## TASK PROMPT
Among the entries below, how many lines have the string "this" in them? Only the number should be given.

(GIVEN INFORMATION Opens)

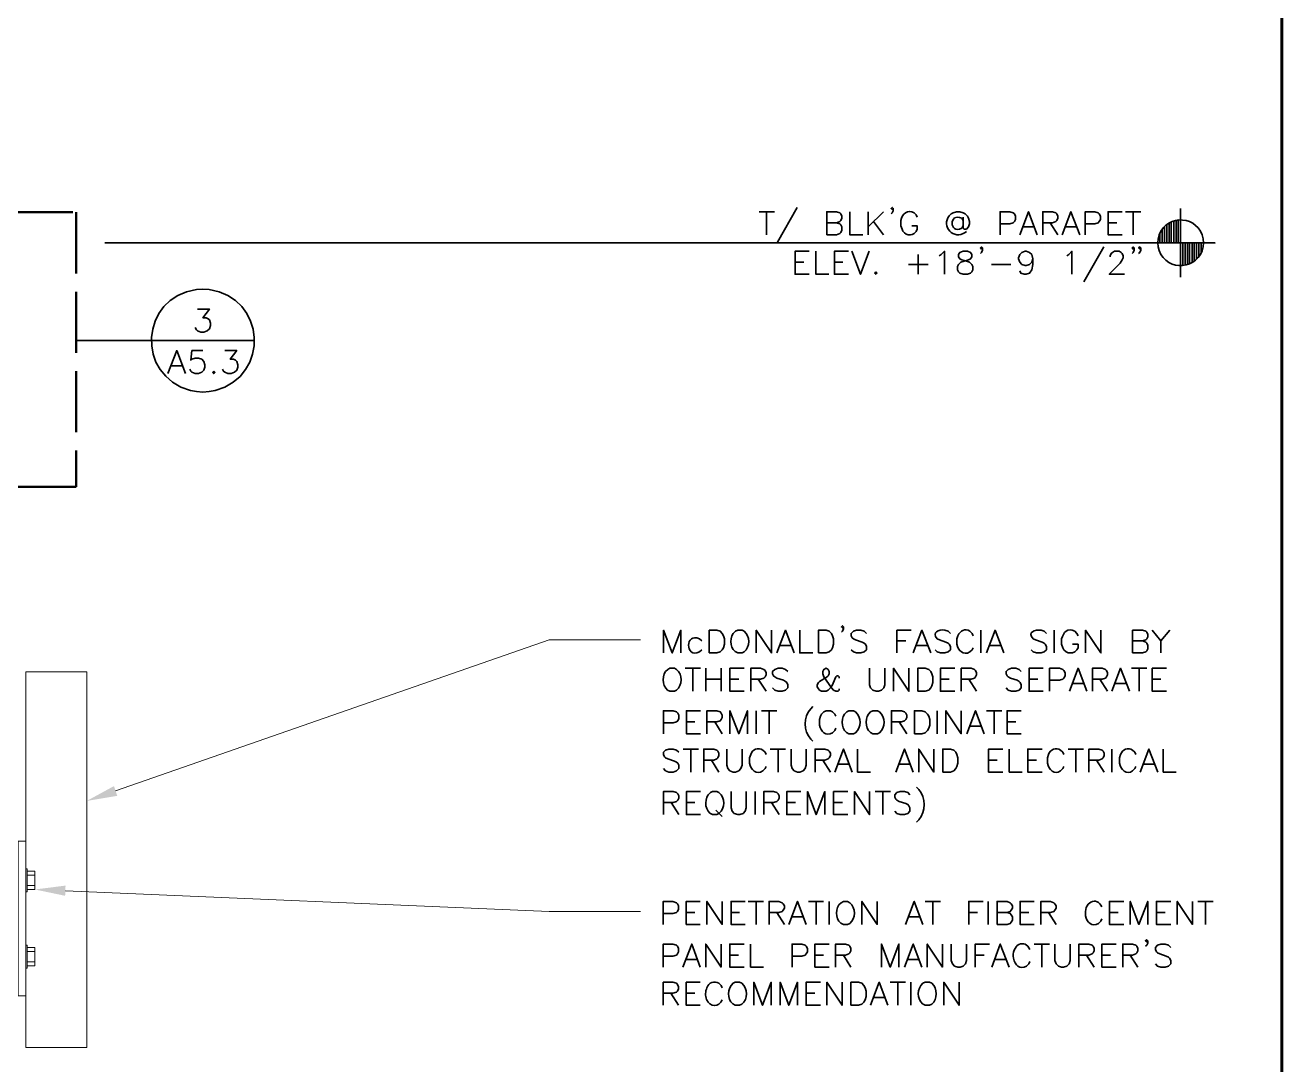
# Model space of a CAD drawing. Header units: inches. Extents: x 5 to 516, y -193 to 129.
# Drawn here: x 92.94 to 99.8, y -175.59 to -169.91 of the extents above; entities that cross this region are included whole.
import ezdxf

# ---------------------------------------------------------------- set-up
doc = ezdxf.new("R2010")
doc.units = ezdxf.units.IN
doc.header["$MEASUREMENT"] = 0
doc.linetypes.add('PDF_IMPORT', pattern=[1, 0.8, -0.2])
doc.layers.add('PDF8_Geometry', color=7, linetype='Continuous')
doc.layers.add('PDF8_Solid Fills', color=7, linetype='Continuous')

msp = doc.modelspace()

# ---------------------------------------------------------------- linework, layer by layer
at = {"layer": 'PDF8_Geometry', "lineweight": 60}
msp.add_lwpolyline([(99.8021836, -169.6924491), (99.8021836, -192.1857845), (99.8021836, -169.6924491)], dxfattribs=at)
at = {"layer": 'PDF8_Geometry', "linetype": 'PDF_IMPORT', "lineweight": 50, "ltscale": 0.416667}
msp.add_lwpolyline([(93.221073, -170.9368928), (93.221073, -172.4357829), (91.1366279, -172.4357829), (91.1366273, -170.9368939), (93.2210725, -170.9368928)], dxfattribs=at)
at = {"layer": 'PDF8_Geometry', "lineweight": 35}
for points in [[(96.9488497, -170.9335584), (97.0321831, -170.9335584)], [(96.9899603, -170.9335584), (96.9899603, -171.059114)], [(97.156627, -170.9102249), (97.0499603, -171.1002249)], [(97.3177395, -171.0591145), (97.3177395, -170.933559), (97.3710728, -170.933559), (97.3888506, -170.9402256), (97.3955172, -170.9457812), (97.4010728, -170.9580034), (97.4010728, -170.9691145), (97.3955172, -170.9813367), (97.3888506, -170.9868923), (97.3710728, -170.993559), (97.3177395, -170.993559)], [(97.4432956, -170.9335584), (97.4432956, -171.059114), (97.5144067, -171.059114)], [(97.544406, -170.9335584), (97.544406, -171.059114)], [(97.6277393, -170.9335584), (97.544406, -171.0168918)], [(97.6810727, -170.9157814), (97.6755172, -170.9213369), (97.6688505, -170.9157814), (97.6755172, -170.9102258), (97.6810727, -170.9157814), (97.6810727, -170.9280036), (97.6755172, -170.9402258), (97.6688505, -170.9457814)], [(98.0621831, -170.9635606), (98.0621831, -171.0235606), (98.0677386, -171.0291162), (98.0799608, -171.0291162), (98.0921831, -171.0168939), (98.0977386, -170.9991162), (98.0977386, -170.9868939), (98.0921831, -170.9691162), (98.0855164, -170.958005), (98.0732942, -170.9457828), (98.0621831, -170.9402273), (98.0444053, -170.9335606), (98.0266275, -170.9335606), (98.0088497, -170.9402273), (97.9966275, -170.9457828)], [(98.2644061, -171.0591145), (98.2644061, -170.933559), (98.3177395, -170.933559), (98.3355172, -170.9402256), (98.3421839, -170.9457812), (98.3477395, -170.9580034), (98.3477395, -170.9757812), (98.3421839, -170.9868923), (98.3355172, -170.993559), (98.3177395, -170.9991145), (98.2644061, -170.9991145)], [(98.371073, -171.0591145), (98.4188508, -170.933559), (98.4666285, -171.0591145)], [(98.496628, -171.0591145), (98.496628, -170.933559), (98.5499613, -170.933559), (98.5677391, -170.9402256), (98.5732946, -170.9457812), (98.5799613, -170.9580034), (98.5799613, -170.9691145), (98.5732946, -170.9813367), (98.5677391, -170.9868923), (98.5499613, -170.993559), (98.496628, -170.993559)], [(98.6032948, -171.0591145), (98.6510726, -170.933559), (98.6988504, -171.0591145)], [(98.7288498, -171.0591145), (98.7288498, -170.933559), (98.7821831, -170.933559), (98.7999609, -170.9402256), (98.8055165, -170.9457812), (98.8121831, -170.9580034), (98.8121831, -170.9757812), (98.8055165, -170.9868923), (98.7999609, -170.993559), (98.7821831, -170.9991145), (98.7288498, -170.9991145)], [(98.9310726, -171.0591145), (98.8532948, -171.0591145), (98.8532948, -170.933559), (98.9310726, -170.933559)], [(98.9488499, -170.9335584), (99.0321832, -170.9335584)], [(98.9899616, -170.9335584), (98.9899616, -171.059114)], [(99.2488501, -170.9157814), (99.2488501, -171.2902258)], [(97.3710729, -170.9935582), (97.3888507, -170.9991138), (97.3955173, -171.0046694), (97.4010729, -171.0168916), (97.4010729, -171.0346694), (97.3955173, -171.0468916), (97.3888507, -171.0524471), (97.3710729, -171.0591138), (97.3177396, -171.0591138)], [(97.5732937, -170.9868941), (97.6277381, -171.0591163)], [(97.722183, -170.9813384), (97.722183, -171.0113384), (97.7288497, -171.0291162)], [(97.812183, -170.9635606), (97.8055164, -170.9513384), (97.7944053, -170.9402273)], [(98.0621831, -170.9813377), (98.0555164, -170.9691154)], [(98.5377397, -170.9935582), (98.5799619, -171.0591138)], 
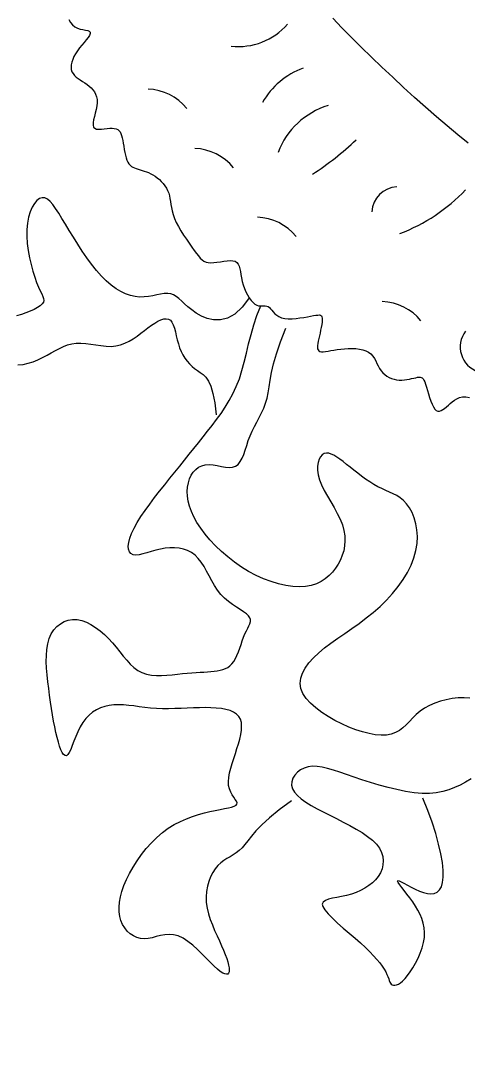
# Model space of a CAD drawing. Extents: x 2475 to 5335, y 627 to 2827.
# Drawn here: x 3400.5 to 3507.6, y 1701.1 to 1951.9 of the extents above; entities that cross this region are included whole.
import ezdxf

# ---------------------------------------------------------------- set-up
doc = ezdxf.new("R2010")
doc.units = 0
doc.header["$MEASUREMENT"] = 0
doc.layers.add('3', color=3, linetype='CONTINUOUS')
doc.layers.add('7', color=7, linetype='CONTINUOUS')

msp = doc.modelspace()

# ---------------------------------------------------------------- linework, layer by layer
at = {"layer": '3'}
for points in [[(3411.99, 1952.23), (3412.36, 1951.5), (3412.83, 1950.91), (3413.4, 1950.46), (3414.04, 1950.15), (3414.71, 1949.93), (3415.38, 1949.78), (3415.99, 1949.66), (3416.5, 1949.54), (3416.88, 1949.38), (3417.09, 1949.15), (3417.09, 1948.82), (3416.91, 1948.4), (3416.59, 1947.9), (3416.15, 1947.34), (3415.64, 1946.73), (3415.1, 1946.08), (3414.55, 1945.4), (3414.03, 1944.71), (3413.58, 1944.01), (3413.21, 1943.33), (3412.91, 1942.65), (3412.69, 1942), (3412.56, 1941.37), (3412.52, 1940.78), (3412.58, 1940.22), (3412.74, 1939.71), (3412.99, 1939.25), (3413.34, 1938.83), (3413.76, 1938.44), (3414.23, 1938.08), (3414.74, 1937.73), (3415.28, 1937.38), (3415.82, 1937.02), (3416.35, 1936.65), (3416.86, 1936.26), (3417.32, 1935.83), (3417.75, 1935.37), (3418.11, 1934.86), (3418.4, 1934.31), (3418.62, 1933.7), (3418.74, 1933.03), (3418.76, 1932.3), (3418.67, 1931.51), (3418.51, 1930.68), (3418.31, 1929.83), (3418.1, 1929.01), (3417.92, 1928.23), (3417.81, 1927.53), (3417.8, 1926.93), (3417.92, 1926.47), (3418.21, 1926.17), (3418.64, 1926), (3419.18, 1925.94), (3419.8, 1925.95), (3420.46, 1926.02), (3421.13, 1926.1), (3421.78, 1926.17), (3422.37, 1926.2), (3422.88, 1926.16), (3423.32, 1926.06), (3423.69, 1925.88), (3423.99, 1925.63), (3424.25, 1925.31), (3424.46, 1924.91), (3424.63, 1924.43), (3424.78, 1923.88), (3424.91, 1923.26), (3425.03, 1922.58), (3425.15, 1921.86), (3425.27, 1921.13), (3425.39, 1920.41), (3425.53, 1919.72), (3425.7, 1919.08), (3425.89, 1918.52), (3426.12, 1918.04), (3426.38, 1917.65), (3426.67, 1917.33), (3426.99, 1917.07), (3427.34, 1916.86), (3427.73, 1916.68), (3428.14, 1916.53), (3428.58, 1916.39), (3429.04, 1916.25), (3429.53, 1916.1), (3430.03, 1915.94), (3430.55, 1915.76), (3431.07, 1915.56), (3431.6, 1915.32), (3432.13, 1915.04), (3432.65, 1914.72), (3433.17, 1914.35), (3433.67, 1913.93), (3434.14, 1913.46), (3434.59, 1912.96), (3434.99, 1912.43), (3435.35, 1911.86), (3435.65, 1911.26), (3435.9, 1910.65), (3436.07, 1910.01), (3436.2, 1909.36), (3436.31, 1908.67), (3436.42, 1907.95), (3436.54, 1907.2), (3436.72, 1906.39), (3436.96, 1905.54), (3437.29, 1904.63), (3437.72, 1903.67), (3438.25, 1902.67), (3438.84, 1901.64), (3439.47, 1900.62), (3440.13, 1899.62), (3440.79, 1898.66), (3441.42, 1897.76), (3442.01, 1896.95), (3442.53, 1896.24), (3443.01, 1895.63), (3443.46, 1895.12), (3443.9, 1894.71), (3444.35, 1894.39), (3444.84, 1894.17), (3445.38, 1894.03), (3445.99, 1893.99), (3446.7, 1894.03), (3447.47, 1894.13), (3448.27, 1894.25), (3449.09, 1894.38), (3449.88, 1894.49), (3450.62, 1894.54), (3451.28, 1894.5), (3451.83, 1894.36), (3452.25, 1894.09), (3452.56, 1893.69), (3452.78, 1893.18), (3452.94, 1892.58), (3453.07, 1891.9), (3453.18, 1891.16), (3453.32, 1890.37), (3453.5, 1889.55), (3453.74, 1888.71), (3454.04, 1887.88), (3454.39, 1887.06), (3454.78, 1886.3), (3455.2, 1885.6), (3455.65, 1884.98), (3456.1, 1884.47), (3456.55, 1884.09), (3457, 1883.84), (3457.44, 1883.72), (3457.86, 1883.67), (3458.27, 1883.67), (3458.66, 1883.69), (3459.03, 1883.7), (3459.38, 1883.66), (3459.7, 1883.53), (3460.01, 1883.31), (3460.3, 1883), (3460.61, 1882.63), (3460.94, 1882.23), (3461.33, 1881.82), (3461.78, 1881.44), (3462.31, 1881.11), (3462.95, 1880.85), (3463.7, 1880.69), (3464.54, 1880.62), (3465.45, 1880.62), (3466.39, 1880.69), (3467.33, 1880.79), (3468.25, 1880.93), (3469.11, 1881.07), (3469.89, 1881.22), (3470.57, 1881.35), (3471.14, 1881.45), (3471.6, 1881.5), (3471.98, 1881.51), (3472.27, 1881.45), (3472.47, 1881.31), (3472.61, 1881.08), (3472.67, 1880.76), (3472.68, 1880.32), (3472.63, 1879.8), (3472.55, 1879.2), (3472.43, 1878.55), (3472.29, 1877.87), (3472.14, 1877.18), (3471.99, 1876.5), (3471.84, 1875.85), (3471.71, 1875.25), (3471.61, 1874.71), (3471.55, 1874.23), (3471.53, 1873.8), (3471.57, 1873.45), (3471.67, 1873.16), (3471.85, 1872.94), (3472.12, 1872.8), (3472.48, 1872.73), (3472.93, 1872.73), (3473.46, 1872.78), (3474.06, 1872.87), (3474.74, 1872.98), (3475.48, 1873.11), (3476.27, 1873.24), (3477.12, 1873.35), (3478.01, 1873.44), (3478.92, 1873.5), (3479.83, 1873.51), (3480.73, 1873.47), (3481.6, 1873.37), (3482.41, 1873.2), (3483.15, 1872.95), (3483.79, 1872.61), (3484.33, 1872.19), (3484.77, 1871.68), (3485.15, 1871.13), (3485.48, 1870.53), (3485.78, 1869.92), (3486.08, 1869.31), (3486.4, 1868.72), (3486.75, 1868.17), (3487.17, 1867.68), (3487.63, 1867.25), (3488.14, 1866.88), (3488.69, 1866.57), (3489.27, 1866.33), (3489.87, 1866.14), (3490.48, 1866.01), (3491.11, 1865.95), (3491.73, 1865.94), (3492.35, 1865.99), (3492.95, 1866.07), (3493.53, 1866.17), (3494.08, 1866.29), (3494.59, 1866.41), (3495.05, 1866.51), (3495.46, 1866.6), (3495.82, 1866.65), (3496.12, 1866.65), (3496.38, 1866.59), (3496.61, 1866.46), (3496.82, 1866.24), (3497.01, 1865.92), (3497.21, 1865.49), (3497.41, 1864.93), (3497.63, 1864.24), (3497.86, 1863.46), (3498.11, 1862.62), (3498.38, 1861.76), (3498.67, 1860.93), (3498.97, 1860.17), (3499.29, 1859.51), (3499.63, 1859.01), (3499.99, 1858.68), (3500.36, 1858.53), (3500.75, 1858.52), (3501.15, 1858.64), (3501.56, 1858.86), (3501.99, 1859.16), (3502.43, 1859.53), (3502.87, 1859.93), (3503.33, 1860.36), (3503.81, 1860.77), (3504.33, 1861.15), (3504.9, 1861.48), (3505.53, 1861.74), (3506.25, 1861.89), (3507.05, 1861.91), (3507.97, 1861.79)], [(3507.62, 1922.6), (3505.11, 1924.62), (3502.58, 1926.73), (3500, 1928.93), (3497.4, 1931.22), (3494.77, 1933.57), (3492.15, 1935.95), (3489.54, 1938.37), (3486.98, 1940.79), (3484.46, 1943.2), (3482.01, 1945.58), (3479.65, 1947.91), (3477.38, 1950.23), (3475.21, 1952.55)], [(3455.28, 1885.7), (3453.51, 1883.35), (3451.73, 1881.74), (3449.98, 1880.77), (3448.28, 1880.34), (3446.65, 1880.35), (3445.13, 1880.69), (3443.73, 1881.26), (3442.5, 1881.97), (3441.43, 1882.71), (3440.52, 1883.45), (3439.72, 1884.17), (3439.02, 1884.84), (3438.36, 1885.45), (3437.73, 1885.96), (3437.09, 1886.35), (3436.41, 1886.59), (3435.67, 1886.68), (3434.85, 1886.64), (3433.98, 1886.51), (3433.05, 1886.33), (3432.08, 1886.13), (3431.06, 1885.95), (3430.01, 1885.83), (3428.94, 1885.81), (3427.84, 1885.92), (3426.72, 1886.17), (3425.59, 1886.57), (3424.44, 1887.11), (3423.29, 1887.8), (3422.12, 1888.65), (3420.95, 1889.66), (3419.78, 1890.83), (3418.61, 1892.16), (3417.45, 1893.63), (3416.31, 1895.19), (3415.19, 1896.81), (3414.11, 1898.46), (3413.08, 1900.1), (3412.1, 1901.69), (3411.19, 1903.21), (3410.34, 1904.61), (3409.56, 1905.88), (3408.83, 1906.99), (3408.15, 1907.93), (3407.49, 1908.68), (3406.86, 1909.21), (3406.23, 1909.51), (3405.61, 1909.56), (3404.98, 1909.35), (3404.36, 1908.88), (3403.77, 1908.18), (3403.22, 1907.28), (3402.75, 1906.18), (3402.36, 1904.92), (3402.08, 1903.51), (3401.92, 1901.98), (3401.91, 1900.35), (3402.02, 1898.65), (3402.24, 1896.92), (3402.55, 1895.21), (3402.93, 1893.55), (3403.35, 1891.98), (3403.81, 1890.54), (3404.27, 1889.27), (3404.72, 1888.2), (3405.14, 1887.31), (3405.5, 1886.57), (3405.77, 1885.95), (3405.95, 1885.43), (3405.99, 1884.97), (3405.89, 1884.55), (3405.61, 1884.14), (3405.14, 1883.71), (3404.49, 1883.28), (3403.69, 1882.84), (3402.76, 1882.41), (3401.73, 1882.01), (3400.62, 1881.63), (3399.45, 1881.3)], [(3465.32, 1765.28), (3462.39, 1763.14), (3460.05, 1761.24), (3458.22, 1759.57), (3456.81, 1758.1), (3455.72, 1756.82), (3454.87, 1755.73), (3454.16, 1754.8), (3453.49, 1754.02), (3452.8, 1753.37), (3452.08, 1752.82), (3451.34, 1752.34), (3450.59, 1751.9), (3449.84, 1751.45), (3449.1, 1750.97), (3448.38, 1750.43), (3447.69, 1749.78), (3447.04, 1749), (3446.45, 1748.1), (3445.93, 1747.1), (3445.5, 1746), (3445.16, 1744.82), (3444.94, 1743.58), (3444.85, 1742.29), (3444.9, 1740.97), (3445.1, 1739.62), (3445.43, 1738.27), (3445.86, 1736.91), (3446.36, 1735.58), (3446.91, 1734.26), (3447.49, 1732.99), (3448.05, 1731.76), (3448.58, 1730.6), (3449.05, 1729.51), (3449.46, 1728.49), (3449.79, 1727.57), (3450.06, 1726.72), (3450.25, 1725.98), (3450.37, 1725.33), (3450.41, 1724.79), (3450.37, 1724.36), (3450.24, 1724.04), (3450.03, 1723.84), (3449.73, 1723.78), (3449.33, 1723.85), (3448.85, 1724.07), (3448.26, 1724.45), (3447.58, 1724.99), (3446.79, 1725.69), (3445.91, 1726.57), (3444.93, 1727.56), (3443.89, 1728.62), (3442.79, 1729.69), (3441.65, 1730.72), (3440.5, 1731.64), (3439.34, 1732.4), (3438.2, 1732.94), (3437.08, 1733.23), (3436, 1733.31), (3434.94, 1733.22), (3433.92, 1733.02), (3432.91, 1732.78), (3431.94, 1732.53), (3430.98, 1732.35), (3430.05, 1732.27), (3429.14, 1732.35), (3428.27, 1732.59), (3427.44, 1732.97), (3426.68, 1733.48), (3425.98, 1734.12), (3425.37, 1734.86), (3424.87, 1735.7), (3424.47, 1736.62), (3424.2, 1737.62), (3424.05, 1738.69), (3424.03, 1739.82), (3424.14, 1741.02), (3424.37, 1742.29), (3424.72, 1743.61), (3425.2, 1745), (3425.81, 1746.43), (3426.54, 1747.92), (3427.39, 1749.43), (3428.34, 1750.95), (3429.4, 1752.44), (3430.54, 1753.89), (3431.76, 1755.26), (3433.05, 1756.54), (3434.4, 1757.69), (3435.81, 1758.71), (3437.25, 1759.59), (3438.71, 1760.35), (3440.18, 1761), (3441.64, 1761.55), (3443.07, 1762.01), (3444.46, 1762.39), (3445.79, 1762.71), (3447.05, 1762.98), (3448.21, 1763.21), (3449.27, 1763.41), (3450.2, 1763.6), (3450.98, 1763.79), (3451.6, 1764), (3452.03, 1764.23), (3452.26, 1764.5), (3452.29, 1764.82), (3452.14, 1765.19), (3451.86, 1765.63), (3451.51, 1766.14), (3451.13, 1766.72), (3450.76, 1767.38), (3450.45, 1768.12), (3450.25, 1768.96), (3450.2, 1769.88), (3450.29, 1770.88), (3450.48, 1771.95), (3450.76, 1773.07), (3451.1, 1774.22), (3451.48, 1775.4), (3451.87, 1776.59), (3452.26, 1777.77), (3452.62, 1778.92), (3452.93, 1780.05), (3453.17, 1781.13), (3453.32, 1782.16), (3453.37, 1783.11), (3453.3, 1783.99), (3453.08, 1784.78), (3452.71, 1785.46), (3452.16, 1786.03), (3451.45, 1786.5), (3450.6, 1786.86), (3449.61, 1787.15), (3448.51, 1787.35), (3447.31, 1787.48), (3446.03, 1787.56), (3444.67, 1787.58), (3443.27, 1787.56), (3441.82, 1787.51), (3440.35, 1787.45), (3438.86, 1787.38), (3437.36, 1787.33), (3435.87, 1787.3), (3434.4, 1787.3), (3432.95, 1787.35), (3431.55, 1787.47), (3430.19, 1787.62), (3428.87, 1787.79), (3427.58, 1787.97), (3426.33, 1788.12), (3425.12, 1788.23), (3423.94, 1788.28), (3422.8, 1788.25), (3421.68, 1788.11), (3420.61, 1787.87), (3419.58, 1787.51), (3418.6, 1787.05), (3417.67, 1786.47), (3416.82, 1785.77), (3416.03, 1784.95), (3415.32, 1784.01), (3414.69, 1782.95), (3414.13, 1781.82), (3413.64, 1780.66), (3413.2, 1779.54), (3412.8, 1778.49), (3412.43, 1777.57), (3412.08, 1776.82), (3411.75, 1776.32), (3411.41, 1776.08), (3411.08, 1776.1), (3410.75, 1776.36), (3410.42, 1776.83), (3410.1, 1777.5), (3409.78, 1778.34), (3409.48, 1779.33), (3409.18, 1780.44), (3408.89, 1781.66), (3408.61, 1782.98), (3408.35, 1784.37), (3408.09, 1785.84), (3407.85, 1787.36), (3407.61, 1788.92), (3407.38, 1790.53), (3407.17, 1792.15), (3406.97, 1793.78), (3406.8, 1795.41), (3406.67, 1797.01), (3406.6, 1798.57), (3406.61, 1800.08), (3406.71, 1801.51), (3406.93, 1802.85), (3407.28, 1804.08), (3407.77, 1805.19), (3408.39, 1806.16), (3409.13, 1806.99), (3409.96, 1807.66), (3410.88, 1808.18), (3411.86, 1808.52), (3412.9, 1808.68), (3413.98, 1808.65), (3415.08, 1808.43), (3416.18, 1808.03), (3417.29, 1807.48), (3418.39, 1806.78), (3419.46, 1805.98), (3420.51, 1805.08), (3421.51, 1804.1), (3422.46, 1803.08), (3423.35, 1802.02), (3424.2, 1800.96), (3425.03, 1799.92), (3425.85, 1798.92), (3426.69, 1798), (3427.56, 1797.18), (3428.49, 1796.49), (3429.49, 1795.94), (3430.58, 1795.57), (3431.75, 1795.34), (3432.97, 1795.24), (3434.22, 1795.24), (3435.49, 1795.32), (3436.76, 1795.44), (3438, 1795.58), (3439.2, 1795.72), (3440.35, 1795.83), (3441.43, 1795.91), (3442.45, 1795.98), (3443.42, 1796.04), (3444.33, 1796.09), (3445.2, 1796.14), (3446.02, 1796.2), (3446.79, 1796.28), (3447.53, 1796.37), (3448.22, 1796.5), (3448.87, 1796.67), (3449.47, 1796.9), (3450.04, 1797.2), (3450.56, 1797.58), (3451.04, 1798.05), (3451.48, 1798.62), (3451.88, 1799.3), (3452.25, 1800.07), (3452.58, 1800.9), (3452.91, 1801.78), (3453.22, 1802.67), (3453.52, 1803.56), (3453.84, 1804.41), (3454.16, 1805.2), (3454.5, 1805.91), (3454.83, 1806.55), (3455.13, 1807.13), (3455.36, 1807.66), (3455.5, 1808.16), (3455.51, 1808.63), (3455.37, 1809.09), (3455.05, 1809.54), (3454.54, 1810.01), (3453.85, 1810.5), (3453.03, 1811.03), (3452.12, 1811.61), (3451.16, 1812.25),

(GIVEN INFORMATION Closes)

## ANSWER SECTION
2